A
few days ago, Grace had surgery to put tubes in her ears. The same,
simple surgery that more than half of my friends’ kids have had.
However, because of her PVC (premature ventricular contractions, i.e.
irregular heart beat that starts in the ventricle), the docs informed me
that there was a small chance her heart would go into constant
arrhythmia and stop pumping blood. They also informed me that she needs
the surgery because she already has hearing loss and speech impairment
from the fluid that has built up in her ears since January. I started
involuntarily shaking. How could I make this choice? If something
happened to Grace, I would never forgive myself. But do I leave her with
measured hearing loss for an indefinite amount of time? I fought back
the tears and went ahead with the surgery. All the while, feeling like I
was going to throw up. Wishing I had someone to lean on, someone to
provide comfort.
Right
before the surgery, I called my mother (Ma). I explained the situation,
she took a pause and then said that I made a good decision with the
information that was provided and all I could do was listen to the
doctors. She was cool, calm and collected as always. A rock.
Grace
came through the surgery with flying colors, though I suffered the
after affects of nausea and anxiety for a few days. It felt like a
literal shock went through my system. But there was my mom, as strong as
ever.
I’ve
lost count of the number of times my mom has been a rock for me.

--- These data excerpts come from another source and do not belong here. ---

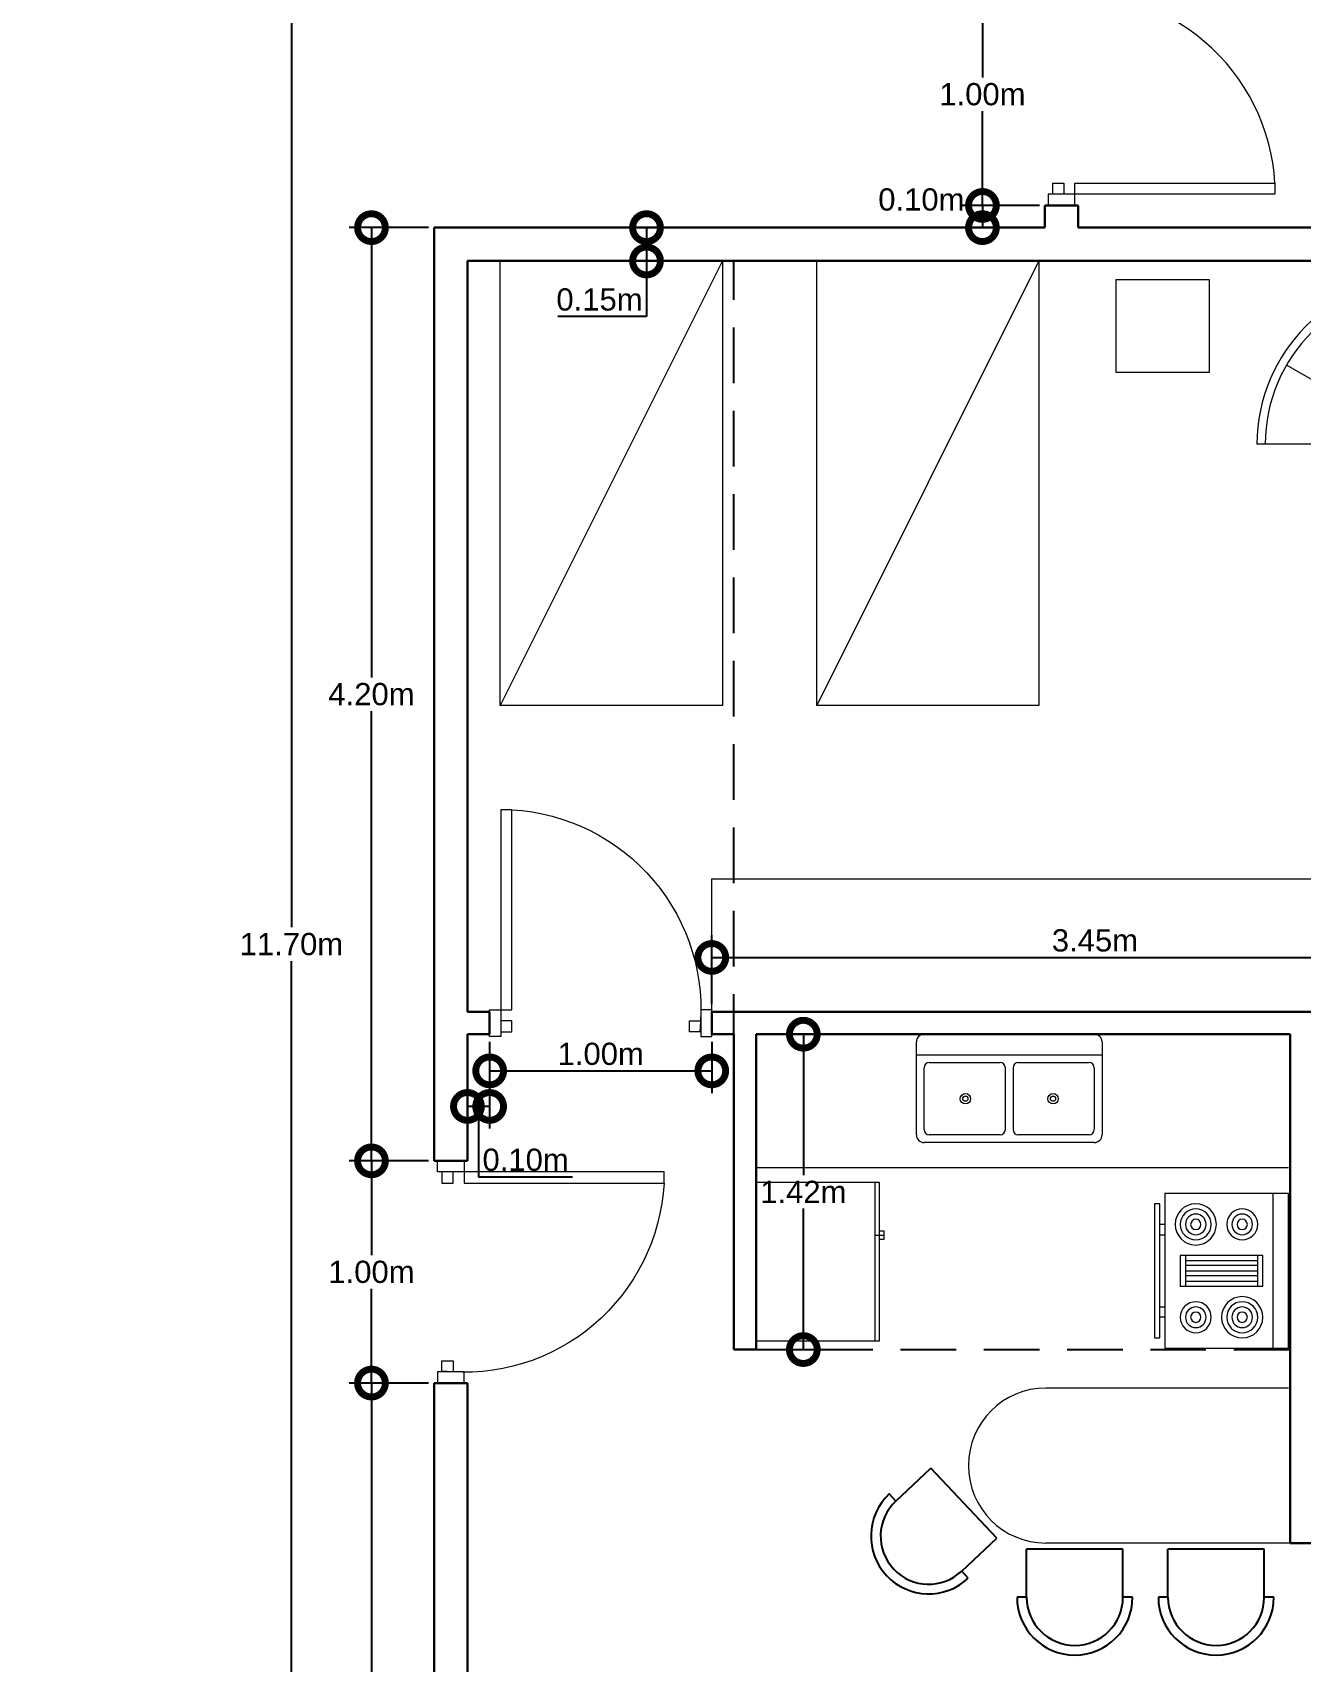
# Model space of a CAD drawing. Header units: inches. Extents: x 28.7 to 47.8, y 24.4 to 43.2.
# Drawn here: x 28.68 to 34.39, y 30.73 to 38.07 of the extents above; entities that cross this region are included whole.
import ezdxf

# ---------------------------------------------------------------- set-up
doc = ezdxf.new("R2010")
doc.units = ezdxf.units.IN
doc.header["$MEASUREMENT"] = 0
doc.linetypes.add('DASHED2', pattern=[0.375, 0.25, -0.125])
doc.linetypes.add('HIDDEN', pattern=[0.375, 0.25, -0.125])
for name, color, linetype, lineweight in [('cotas', 1, 'Continuous', 13), ('muebles', 6, 'Continuous', 13), ('paredes', 7, 'Continuous', 30), ('proyecciones', 95, 'DASHED2', 25), ('pv', 4, 'Continuous', 5)]:
    doc.layers.add(name, color=color, linetype=linetype, lineweight=lineweight)
doc.layers.add('FURNITURE', color=6, linetype='Continuous')
doc.styles.add('DIMS', font='ARIAL.TTF')
doc.dimstyles.new('DIMS', dxfattribs={"dimtxt": 0.1, "dimasz": 0.25, "dimexe": 0.1, "dimexo": 0.025, "dimgap": 0.025, "dimtad": 1, "dimtih": 1, "dimtoh": 1, "dimzin": 1, "dimdsep": 46, "dimtxsty": 'DIMS', "dimblk1": 'DOTSMALL', "dimblk2": 'DOTSMALL', "dimsah": 1, "dimcen": 0.09, "dimclrd": 9, "dimclre": 9, "dimclrt": 2, "dimazin": 0, "dimtfac": 1, "dimtofl": 0, "dimtmove": 0, "dimatfit": 3, "dimldrblk": 'DOTSMALL', "dimfxl": 1, "dimtolj": 1, "dimtzin": 0, "dimarcsym": 0})

# ---------------------------------------------------------------- blocks, each defined once
blk = doc.blocks.new('Range-Oven - 30 in top')
for p, q in [((0, -3), (30, -3)), ((12, -6), (18, -6)), ((13, -20), (13, -6)), ((14, -6), (14, -20)), ((15, -20), (15, -6)), ((16, -6), (16, -20)), ((17, -20), (17, -6)), ((18, -20), (12, -20)), ((6, -24), (6, -25)), ((8, -25), (8, -24)), ((22, -25), (22, -24)), ((24, -24), (24, -25))]:
    blk.add_line(p, q)
for points in [[(0, -24), (0, 0), (30, 0), (30, -24)], [(12, -21), (12, -5), (18, -5), (18, -21)], [(2, -26), (2, -25), (28, -25), (28, -26)]]:
    blk.add_lwpolyline(points, close=True)
for centre, radius in [((6, -9), 4), ((6, -9), 3), ((24, -9), 3), ((6, -9), 2), ((6, -9), 1), ((24, -9), 2), ((24, -9), 1), ((6, -18), 3), ((24, -18), 4), ((24, -18), 3), ((6, -18), 2), ((6, -18), 1), ((24, -18), 2), ((24, -18), 1)]:
    blk.add_circle(centre, radius)
blk = doc.blocks.new('Sink-double - 36 in top')
for p, q in [((-18, -4), (18, -4)), ((-0.75, -18.5), (-0.75, -6.5)), ((0.75, -6.5), (0.75, -18.5))]:
    blk.add_line(p, q)
for points in [[(-16.5, 0), (16.5, 0)], [(-18, -19.5), (-18, -1.5)], [(18, -1.5), (18, -19.5)], [(-15.5, -5.5), (-1.75, -5.5)], [(1.75, -5.5), (15.5, -5.5)], [(-16.5, -18.5), (-16.5, -6.5)], [(16.5, -6.5), (16.5, -18.5)], [(16.5, -21), (-16.5, -21)], [(-1.75, -19.5), (-15.5, -19.5)], [(15.5, -19.5), (1.75, -19.5)]]:
    blk.add_lwpolyline(points)
for centre, radius in [((-8.5, -12.5), 1), ((-8.5, -12.5), 0.5), ((8.5, -12.5), 1), ((8.5, -12.5), 0.5)]:
    blk.add_circle(centre, radius)
for centre, radius, start, end in [((-16.5, -1.5), 1.5, 90, 180), ((16.5, -1.5), 1.5, 0, 90), ((-15.5, -6.5), 1, 90, 180), ((-1.75, -6.5), 1, 0, 90), ((1.75, -6.5), 1, 90, 180), ((15.5, -6.5), 1, 0, 90), ((-15.5, -18.5), 1, 180, 270), ((-1.75, -18.5), 1, 270, 0), ((1.75, -18.5), 1, 180, 270), ((15.5, -18.5), 1, 270, 0), ((-16.5, -19.5), 1.5, 180, 270), ((16.5, -19.5), 1.5, 270, 0)]:
    blk.add_arc(centre, radius, start, end)
blk = doc.blocks.new('Refrigerator-2 door - 36 in top')
for p, q in [((0, -26.999999), (36, -26.999999)), ((11, -27.999999), (11, -28.999999)), ((11, -28.999999), (13, -28.999999)), ((12, -26.999999), (12, -28.999999)), ((13, -28.999999), (13, -27.999999))]:
    blk.add_line(p, q)
blk.add_lwpolyline([(0, -27.999999), (0, 0), (36, 0), (36, -27.999999)], close=True)
blk = doc.blocks.new('p1.00')
at = {"layer": 'pv', "linetype": 'Continuous'}
for p, q in [((0.9, 1.02), (0.95, 1.02)), ((0.9, 0.12), (0.9, 1.02)), ((0.95, 1.02), (0.95, 0.12)), ((0, 0), (0, 0.12)), ((0, 0.12), (0.05, 0.12)), ((0.05, 0.12), (0.05, 0)), ((0.95, 0.12), (0.9, 0.12)), ((0.95, 0.12), (0.95, 0)), ((1, 0.12), (0.95, 0.12)), ((1, 0), (1, 0.12)), ((0.05, 0), (0, 0)), ((0.1, 0.07), (0.05, 0.07)), ((0.05, 0.07), (0.05, 0.02)), ((0.05, 0.02), (0.1, 0.02)), ((0.1, 0.02), (0.1, 0.07)), ((0.9, 0.07), (0.95, 0.07)), ((0.9, 0.02), (0.9, 0.07)), ((0.95, 0.02), (0.9, 0.02)), ((0.95, 0.07), (0.95, 0.02)), ((0.95, 0), (1, 0))]:
    blk.add_line(p, q, dxfattribs=at)
blk.add_arc((0.95, 0.12), 0.9014, 93.17983, 186.36951, dxfattribs=at)
blk = doc.blocks.new('SILLA-C')
at = {"layer": 'FURNITURE'}
for p, q in [((-278.3, 19.7), (-228.3, 19.7)), ((-228.3, 19.7), (-228.3, -230.3)), ((271.7, 19.7), (271.7, -230.3)), ((271.7, 19.7), (321.7, 19.7)), ((-228.3, -230.3), (271.7, -230.3))]:
    blk.add_line(p, q, dxfattribs=at)
for radius in [300, 250]:
    blk.add_arc((21.7, 19.7), radius, 0, 180, dxfattribs=at)
blk = doc.blocks.new('iuhiu')
at = {"layer": 'muebles', "lineweight": 5}
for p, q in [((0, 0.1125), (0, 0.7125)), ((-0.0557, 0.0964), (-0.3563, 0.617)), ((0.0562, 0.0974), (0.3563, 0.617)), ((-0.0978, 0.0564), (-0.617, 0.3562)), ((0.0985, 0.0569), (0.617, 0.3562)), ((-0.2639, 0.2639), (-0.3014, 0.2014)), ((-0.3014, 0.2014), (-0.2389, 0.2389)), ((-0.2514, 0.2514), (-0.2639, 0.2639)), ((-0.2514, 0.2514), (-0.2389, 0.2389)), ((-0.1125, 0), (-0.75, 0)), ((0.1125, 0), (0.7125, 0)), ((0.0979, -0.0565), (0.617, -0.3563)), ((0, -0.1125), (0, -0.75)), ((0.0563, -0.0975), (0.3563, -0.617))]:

Showing no fear, only strength, love and comfort. Even at our picnic
for Grace’s 2nd birthday, as a bee was buzzing around, I automatically
recoiled while my mom grabbed a napkin and pursued the bee to eliminate
it as a threat to Grace or I. Would I ever have the courage to go after a
bee? Unlikely.
Just
yesterday, Ma went to a surgery of a friends son. Her friend had to sit
through agonizing hours as her sick son was operated on. My mom was
right there beside her using all of her natural gifts to help her friend
through a scary time and give her a sense of calm that all would be ok.
This
unwavering strength and compassion is only one of the many reasons that
I named Grace after my mother. I hope that she learns that special
blend of strength and compassion that comes so easily to my Ma.